Cristina Tamas détaille dans son étude les facettes du personnage chez Visniec, dans son théâtre court. Ce type de personnage, dans un univers qui permet au dramaturge de le consulter, pour lui transmettre «sa voix» sur le monde, offre l’image de l’altérité. Le personnage, de la mère à l’aveugle, du mendiant à l’homme crucifié, du chien au cheval, porte cette «charge d’une certaine sacralité» (p.41).
Georges Zaragoza, dans une perspective comparatiste, évalue l’espace théâtral chez Visniec en tant que «virtualité théâtrale» (p. 43), en soulignant l’importance de cette notion dans De la sensation d’élasticité lorsqu’on marche sur des cadavres. Eugène Ionesco y est présent, car Visniec avoue ses emprunts et une relation théâtrale, bénéfique et constructrice, entre le maître ès théâtre et son alter-égo de la postmodernité, un Visniec dont la sincérité de l’écriture offre l’image d’un théâtre de l’absurde qui prolonge ses sens au-delà du XXe siècle. Georges Zaragoza, après une analyse minutieuse des espaces de jeu et de la richesse des perspectives qui rappellent incessamment l’originalité d’Eugène Ionesco, propose un beau sous-titre, en guise de conclusion, à la pièce de Matei Visniec : «Eugène ou comment s’en débarrasser» (p.54).
Si Evelio Minano Ramirez passe en revue les animaux chez Visniec dans une démarche d’une originalité merveilleuse, Gilles Losseroy se focalise sur l’expérience vampirique dans l’œuvre de Matei Visniec. Dana Monah propose l’image de la Cantatrice chauve comme une image marquante du dramaturge: « Faire du théâtre pour ne pas mourir : une Cantatrice chauve des prisons communistes ». Sur la même ligne d’une participation à l’histoire, Josefina Komporaly compare le théâtre de Visniec à celui de Andras Visky du point de vue de la mémoire et de sa représentation. Simona Palasca, Corina-Mihaela Apostoleanu et Lăcrămioara Berechet insistent dans leurs études sur les techniques narratives: la réalité, le contrepoint, la supra-réalité, la poétique de l’élément aquatique. Simona Simionof est préoccupée par l’art de l’acteur tandis que Maria-Monalisa Plesea évoque les espaces de l’attente dans le théâtre de Matei Visniec. Quelques autres études contribuent aussi à la richesse interprétative de cette première partie consacrée à l’œuvre de Matei Visniec.
La seconde partie refait le dialogue des arts: la littérature, le théâtre et le film. Jean-Jacques Chardin consacre son étude en anglais à ce que Shakespeare doit à l’humanisme, tandis que Heinz-Uwe Haus détaille, toujours en anglais, les images de la souffrance et de la sagesse dans le théâtre grec de l’Antiquité. D’autres études, en roumain, présentent la relation entre le film et le théâtre, leurs codes et leur sémantique.

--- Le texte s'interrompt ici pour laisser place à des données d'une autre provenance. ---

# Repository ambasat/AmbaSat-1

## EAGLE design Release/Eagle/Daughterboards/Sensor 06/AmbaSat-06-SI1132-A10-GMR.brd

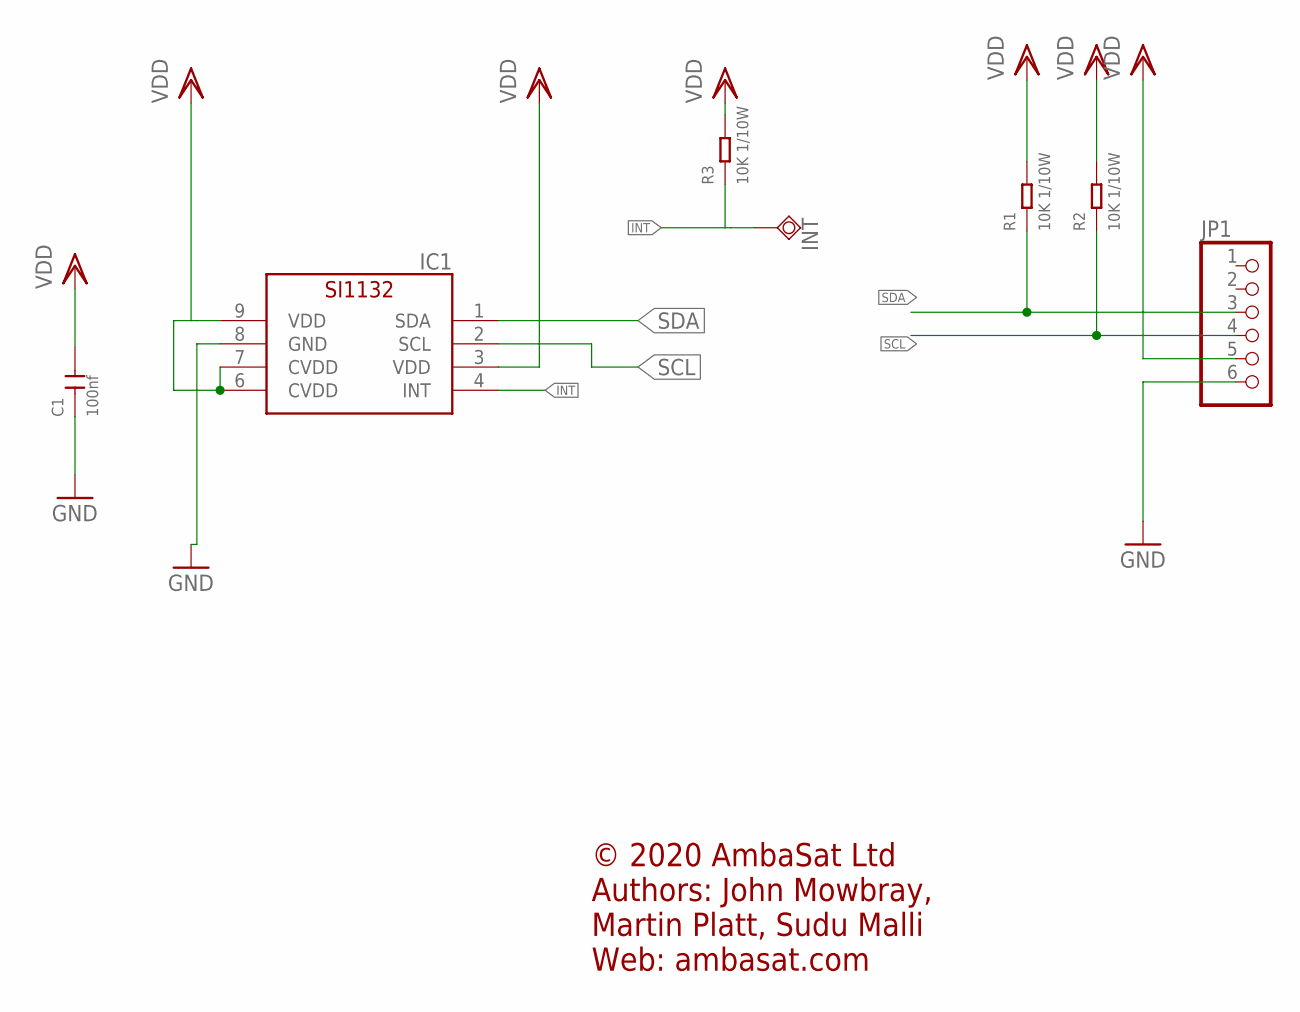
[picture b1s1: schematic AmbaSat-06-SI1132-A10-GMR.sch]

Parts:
C1: 100nf; C0603
IC1: SL-SI1132; SILICONLABS-SI1132
INT: TESTPAD_TPSQTP12R; TESTPAD_TP12R
JP1: HEADER-1X6; 1X06_OVAL
R1, R2, R3: 10K 1/10W; R0603

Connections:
GND: C1.1, IC1.8 (GND), JP1.6
INT: IC1.4 (INT), INT.TP, R3.1
SCL: IC1.2 (SCL), JP1.4, R2.1
SDA: IC1.1 (SDA), JP1.3, R1.1
VDD: C1.2, IC1.3 (VDD), IC1.6 (CVDD), IC1.7 (CVDD), IC1.9 (VDD), JP1.5, R1.2, R2.2, R3.2

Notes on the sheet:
© 2020 AmbaSat Ltd Authors: John Mowbray, Martin Platt, Sudu Malli Web: ambasat.com

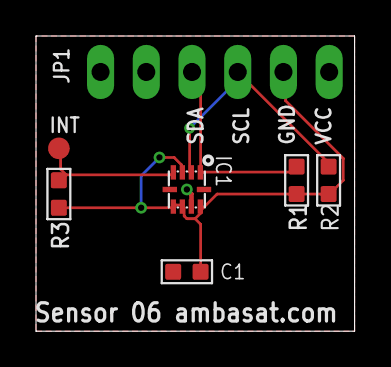
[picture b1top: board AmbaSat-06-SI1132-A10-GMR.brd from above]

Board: 2 copper layers, 17.7 x 16.4 mm, 7 parts (0 on the bottom side), 5 nets.

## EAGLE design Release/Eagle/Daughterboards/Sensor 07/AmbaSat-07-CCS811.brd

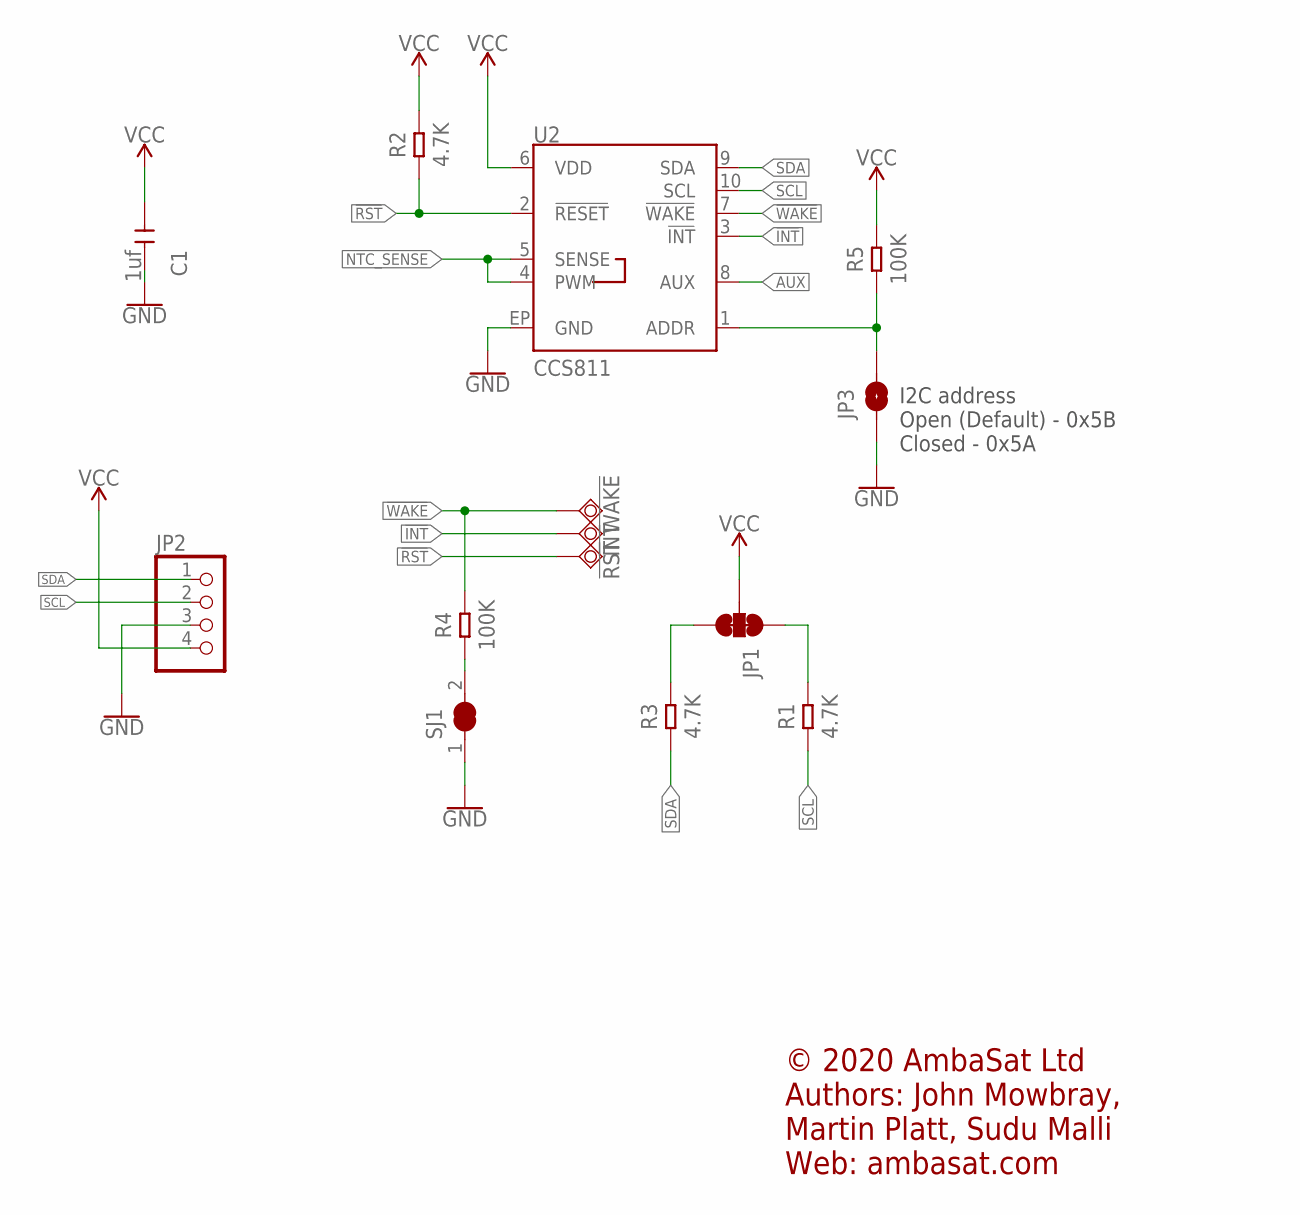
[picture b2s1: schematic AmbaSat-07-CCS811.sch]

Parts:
!INT: TESTPAD_TPSQTP14SQ; TESTPAD_TP14SQ
!RST: TESTPAD_TPSQTP14SQ; TESTPAD_TP14SQ
!WAKE: TESTPAD_TPSQTP14SQ; TESTPAD_TP14SQ
C1: 1uf; C0603
JP1: JUMPER-SMT_3_2-NC_TRACE_SILK; SMT-JUMPER_3_2-NC_TRACE_SILK
JP2: HEADER-1X4; 1X04_OVAL
JP3: JUMPER-SMT_2_NO_SILK; SMT-JUMPER_2_NO_SILK
R1, R2, R3: 4.7K; R0603
R4, R5: 100K; R0603
SJ1: SOLDERJUMPER_CLOSED; SOLDERJUMPER_CLOSEDWIRE
U2: CCS811; LGA10

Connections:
3.3V: C1.1, JP1.2, JP2.4, R2.2, R5.2, U2.6 (VDD)
!INT: !INT.TP, U2.3 (!INT!)
!RST: !RST.TP, R2.1, U2.2 (!RESET!)
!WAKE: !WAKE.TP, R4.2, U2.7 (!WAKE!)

Un tel recueil riche en significations et perspectives, consacré à Matei Visniec, offre une belle image du combat d’un écrivain qui, en jouant sur le mode de la poésie, de la philosophie et de l’anthropologie, se propose, en premier, comme un dramaturge de premier rang de la littérature universelle. Son combat a franchi les frontières: c’est celui d’un Matei Visniec qui écrivait pour résister et qui écrit pour continuer à exister. L’homme du dramaturge est le postmoderne qui se pose des fois des questions, mais qui reste surtout coincé dans un cercle. Et le courage? En bon anthropologue qui écrit des pièces de théâtre, Matei Visniec est à même de dire : Ma voix dans le texte et dans la bouche de l’acteur, c’est la voix même du spectacle de notre monde. Vous voyez, mon courage, c’est comme ça: tenir levé le rideau du spectacle émerveillé sur notre condition humaine, trop humaine.
Marina Cap-Bun et Florentina Nicolae (coord.), Literatura, teatrul şi filmul. În onoarea dramaturgului Matei Vişniec, Ovidius University Press, Constanţa, 2015, 394 pages.